> _Task item_
Going through the data below, please show each line containing the string "SmoothClock".

> _Information provided_
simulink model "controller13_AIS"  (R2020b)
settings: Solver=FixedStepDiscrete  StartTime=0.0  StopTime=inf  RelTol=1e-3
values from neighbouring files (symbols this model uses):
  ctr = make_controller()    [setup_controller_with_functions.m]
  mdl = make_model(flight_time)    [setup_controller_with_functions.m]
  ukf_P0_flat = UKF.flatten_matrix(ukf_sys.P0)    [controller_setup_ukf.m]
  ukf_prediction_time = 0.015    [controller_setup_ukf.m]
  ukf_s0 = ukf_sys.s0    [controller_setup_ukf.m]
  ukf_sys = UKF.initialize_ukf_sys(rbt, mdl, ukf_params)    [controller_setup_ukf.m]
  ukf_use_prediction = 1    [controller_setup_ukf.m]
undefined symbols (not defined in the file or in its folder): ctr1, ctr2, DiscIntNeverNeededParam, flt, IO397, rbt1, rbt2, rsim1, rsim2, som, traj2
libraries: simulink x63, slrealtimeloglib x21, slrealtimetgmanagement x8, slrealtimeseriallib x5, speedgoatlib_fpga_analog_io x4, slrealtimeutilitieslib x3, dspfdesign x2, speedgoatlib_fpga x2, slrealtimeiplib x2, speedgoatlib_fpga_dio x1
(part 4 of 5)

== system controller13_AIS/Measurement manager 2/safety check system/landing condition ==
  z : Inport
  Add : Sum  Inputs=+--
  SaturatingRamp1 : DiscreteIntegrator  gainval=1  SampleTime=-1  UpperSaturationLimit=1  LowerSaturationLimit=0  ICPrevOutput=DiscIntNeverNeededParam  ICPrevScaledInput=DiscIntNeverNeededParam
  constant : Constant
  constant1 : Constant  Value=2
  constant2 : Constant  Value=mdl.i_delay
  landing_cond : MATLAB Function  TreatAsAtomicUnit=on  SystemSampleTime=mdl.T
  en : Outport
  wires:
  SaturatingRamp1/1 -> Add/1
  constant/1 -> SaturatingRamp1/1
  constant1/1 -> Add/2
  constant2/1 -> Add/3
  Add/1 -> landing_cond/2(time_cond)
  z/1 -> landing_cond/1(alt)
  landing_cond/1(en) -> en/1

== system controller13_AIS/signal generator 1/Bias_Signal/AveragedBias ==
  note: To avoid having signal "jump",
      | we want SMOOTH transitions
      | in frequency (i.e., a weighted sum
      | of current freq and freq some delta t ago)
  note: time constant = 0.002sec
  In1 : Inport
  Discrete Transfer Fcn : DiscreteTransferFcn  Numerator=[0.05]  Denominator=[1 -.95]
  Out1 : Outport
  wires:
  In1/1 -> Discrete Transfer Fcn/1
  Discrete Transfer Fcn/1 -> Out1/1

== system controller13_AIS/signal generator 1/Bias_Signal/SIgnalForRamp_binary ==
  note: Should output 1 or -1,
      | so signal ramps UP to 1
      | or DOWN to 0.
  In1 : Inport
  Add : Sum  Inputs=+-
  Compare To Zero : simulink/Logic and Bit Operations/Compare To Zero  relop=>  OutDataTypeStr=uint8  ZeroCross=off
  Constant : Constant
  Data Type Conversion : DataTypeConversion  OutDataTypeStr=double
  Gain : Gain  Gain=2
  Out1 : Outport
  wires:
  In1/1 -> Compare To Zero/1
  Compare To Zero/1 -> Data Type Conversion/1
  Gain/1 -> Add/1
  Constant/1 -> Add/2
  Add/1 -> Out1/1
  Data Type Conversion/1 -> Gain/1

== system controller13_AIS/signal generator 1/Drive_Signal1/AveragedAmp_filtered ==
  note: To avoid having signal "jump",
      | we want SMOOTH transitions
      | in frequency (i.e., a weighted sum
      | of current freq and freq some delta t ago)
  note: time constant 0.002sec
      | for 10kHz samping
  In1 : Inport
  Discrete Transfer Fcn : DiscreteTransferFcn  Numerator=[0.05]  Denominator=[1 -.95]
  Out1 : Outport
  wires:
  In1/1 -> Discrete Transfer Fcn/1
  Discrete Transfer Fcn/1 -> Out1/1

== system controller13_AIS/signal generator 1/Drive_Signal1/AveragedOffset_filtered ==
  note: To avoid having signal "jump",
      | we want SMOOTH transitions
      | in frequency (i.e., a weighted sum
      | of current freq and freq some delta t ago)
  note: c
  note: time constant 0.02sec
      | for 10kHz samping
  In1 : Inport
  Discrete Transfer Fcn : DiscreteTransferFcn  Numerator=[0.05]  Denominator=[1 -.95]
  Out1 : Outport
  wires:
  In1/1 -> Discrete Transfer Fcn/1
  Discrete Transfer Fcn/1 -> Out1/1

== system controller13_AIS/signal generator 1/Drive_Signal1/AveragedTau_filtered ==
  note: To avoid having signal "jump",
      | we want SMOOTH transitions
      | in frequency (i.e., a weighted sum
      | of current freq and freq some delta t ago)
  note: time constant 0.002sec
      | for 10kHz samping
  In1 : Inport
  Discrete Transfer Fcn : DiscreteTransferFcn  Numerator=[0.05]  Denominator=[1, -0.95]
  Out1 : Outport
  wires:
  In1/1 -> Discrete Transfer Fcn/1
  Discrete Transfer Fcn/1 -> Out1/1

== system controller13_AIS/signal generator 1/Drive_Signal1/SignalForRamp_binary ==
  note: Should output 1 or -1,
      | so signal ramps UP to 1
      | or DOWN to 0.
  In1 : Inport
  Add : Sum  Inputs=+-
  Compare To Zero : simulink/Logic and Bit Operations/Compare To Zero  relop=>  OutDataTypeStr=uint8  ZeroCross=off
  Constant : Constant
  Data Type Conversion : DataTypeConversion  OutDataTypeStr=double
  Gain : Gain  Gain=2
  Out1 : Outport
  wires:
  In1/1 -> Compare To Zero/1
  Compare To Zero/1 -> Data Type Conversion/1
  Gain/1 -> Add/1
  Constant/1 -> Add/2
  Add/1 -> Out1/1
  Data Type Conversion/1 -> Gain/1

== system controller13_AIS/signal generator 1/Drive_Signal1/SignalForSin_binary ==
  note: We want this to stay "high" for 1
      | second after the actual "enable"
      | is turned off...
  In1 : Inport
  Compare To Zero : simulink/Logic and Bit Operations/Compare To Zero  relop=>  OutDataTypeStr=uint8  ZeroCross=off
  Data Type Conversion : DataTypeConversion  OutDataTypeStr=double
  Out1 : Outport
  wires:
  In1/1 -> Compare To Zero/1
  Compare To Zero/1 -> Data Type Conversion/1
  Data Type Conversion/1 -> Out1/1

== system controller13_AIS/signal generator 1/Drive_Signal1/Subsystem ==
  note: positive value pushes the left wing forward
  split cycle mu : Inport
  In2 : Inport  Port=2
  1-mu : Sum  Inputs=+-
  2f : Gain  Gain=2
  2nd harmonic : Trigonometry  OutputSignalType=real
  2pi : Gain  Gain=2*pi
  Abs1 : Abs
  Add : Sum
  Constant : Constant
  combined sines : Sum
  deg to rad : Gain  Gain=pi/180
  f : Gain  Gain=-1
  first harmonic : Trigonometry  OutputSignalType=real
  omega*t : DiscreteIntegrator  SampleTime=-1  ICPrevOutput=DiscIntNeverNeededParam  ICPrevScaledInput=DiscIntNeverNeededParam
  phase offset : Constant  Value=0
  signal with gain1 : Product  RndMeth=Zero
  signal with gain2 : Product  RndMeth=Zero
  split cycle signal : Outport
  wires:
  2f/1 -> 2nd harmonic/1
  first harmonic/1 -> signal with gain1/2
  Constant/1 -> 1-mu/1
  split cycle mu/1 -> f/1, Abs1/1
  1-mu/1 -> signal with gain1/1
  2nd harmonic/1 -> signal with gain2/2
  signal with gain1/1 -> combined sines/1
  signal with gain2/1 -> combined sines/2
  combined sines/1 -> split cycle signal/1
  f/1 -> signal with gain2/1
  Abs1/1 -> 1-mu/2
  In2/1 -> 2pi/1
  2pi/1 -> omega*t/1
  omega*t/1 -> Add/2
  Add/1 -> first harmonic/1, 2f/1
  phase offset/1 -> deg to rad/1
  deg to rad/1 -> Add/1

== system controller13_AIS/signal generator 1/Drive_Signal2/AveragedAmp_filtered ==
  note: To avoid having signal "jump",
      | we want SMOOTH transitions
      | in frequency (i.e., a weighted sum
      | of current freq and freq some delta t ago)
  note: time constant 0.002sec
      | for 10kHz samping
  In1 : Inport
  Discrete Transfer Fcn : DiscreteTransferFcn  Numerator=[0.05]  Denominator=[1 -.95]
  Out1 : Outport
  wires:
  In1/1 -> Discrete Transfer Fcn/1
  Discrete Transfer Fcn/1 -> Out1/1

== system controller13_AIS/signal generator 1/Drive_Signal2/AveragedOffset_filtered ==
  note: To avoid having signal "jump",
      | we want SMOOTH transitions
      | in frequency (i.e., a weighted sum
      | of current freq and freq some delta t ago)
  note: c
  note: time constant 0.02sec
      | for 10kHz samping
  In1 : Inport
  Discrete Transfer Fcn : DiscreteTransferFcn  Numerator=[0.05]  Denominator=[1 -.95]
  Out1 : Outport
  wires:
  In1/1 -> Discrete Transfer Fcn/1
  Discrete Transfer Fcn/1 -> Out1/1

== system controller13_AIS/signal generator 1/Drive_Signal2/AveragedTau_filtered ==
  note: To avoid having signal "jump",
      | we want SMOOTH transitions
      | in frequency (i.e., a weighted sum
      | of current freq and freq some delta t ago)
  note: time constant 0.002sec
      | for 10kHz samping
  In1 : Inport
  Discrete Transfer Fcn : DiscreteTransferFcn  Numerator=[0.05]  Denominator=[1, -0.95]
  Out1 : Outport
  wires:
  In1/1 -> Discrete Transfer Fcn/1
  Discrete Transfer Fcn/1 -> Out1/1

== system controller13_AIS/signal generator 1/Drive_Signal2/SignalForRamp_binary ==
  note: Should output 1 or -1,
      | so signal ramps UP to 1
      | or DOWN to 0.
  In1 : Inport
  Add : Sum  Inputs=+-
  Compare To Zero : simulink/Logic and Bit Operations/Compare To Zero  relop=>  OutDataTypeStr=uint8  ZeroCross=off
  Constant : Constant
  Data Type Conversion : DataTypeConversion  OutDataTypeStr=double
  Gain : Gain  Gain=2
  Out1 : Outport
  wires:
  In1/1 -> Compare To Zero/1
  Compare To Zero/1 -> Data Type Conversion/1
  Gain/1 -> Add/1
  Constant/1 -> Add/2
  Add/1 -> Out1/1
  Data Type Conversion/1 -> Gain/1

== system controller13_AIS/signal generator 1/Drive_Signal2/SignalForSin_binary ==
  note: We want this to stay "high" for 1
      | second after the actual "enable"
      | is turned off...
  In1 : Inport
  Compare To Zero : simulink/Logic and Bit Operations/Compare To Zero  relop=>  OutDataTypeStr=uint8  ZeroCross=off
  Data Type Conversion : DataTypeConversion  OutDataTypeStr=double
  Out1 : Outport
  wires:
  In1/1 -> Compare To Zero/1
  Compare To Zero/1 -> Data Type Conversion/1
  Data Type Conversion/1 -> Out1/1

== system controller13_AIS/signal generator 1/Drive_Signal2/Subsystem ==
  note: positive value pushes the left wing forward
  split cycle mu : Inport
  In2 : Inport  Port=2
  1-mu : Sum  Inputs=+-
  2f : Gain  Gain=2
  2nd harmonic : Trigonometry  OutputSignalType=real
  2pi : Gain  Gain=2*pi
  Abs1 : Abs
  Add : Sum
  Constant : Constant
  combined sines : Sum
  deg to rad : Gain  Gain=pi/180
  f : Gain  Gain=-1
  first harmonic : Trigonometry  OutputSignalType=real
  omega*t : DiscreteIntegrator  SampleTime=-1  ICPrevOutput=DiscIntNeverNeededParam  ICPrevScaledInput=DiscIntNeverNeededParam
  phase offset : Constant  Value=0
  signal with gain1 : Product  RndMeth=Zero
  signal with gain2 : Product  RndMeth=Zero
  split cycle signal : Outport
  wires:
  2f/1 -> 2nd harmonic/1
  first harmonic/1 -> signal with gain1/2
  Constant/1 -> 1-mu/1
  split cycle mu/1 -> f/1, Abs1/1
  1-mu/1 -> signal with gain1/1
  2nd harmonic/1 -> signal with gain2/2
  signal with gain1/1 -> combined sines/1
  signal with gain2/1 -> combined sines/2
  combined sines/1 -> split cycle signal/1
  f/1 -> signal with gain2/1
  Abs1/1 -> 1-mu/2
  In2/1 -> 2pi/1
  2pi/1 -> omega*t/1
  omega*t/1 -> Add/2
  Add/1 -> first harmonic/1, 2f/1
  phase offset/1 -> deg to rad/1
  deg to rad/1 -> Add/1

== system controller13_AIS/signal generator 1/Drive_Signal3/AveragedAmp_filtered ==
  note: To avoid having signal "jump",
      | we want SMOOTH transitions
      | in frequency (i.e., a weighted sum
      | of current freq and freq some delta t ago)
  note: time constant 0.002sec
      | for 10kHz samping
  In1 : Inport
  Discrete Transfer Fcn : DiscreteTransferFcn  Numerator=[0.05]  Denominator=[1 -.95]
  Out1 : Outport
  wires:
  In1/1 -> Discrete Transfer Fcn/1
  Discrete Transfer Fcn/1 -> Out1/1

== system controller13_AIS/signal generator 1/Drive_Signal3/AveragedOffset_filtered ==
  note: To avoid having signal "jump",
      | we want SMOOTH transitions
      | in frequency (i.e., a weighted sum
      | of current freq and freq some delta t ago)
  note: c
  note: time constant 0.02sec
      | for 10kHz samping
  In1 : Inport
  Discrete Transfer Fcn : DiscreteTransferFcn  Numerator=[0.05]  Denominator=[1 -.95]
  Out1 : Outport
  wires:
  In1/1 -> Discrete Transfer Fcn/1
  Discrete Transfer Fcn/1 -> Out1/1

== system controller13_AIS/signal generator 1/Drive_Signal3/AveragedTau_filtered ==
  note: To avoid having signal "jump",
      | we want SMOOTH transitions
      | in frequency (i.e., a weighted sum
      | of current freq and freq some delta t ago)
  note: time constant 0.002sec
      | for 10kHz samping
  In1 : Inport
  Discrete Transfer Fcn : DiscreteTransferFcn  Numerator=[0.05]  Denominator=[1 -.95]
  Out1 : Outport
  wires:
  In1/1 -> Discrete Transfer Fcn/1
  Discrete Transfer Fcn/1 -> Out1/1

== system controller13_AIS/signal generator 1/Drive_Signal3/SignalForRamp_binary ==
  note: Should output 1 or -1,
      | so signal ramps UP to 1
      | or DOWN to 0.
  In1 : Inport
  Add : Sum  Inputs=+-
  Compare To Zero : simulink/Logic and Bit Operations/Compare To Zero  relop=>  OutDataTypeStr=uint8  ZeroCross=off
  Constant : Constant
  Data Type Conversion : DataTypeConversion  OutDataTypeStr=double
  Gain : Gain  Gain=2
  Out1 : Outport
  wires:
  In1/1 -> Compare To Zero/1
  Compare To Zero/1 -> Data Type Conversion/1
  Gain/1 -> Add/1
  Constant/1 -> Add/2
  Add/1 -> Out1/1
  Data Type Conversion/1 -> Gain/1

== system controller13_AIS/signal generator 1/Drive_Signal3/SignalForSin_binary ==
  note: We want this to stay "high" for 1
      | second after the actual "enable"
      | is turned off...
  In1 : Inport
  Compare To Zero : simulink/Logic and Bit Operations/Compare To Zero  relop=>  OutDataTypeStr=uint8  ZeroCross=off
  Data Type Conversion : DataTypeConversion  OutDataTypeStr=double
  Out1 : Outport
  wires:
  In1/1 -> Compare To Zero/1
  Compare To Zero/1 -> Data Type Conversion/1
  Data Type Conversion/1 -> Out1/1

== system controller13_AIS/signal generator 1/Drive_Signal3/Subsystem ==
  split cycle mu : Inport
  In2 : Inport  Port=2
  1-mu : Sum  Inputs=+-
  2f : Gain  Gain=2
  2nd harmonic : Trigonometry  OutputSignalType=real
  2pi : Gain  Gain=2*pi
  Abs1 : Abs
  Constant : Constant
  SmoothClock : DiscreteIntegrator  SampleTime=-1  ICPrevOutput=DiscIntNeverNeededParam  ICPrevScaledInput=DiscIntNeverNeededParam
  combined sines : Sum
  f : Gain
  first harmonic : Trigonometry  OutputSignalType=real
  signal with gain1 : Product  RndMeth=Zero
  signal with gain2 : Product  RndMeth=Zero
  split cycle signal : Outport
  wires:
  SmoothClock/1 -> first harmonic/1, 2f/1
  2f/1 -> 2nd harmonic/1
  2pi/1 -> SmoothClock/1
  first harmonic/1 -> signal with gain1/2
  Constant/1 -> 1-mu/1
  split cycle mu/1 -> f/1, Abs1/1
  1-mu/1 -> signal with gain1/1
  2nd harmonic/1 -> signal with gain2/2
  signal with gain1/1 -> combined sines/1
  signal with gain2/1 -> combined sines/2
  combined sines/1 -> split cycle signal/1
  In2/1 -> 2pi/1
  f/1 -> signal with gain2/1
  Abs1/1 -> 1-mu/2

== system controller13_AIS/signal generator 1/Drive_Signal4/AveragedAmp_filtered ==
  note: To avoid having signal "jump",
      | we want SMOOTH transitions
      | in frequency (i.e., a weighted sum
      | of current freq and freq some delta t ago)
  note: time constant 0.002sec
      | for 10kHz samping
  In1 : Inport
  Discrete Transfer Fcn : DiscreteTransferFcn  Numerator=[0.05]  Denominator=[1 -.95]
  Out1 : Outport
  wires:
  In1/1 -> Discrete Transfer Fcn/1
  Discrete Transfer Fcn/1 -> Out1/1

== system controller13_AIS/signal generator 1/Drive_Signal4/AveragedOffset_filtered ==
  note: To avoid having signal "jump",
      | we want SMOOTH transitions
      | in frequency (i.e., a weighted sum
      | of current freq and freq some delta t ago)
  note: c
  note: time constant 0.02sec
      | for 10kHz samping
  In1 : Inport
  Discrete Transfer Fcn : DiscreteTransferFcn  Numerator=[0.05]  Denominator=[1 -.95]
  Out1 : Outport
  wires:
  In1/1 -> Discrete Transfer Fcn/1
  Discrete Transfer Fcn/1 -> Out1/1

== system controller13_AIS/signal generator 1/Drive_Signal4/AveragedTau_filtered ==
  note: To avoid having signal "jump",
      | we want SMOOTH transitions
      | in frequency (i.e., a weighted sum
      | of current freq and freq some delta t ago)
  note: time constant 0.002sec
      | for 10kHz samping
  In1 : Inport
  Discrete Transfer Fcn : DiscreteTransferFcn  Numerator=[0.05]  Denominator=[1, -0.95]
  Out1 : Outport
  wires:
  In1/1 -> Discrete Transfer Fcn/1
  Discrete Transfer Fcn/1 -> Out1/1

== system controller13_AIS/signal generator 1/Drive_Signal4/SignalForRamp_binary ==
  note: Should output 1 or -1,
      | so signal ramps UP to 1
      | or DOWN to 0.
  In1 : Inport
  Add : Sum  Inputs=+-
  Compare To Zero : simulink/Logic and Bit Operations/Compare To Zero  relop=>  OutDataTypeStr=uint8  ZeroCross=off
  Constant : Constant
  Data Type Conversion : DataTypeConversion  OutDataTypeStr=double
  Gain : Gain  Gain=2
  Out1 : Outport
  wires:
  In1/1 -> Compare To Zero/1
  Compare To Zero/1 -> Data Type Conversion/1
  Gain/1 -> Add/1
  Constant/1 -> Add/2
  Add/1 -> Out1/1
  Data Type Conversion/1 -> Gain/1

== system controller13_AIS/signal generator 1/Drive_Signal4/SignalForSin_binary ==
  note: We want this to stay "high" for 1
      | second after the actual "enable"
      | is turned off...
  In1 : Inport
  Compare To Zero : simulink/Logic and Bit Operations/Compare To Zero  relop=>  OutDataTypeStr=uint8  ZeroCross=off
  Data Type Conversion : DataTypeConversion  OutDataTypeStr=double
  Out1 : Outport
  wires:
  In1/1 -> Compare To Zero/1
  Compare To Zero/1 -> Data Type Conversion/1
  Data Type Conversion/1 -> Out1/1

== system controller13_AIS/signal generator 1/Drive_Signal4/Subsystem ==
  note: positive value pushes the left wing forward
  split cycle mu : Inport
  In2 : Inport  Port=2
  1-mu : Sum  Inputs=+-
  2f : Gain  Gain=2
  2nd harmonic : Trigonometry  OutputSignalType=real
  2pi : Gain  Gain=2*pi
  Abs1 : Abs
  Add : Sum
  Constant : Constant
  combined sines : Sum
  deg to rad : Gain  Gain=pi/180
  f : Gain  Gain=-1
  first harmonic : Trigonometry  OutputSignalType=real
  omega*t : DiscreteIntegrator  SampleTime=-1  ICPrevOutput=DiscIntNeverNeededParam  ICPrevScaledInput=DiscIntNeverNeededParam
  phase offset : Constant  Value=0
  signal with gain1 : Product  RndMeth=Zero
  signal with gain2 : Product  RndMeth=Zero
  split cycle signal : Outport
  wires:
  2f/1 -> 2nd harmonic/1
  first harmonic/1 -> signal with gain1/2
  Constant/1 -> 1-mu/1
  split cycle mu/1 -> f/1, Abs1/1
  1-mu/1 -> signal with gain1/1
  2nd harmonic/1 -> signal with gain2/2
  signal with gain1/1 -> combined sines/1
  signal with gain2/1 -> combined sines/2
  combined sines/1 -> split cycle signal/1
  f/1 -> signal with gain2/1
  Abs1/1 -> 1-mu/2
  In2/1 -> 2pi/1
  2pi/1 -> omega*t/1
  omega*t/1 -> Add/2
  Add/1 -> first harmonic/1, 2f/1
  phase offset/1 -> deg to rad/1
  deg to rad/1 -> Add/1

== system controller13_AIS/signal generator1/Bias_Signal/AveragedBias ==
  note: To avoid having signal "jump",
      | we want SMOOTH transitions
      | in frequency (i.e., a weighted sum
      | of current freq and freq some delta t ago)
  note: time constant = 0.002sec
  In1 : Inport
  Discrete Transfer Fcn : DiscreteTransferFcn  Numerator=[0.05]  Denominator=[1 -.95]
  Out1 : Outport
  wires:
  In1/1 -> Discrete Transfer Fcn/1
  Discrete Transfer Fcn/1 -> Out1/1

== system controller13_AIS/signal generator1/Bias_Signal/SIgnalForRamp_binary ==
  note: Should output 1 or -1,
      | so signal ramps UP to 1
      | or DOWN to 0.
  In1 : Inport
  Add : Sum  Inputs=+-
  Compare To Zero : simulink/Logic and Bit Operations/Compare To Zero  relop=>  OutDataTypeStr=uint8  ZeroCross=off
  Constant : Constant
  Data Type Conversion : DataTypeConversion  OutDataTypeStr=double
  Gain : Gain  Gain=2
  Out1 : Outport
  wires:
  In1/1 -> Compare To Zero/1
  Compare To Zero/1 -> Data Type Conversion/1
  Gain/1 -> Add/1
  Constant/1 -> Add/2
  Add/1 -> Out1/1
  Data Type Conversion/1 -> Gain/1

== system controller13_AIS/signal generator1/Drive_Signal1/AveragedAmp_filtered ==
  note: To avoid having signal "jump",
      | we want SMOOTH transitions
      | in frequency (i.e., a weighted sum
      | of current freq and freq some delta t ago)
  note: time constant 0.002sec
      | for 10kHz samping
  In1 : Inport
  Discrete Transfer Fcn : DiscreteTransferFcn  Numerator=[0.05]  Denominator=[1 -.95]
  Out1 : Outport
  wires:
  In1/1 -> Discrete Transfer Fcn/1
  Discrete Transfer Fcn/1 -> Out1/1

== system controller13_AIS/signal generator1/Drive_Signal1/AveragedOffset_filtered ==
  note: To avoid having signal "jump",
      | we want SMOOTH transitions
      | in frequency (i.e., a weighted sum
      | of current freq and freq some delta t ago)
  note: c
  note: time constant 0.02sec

> _Answer to this task_
  SmoothClock : DiscreteIntegrator  SampleTime=-1  ICPrevOutput=DiscIntNeverNeededParam  ICPrevScaledInput=DiscIntNeverNeededParam
  SmoothClock/1 -> first harmonic/1, 2f/1
  2pi/1 -> SmoothClock/1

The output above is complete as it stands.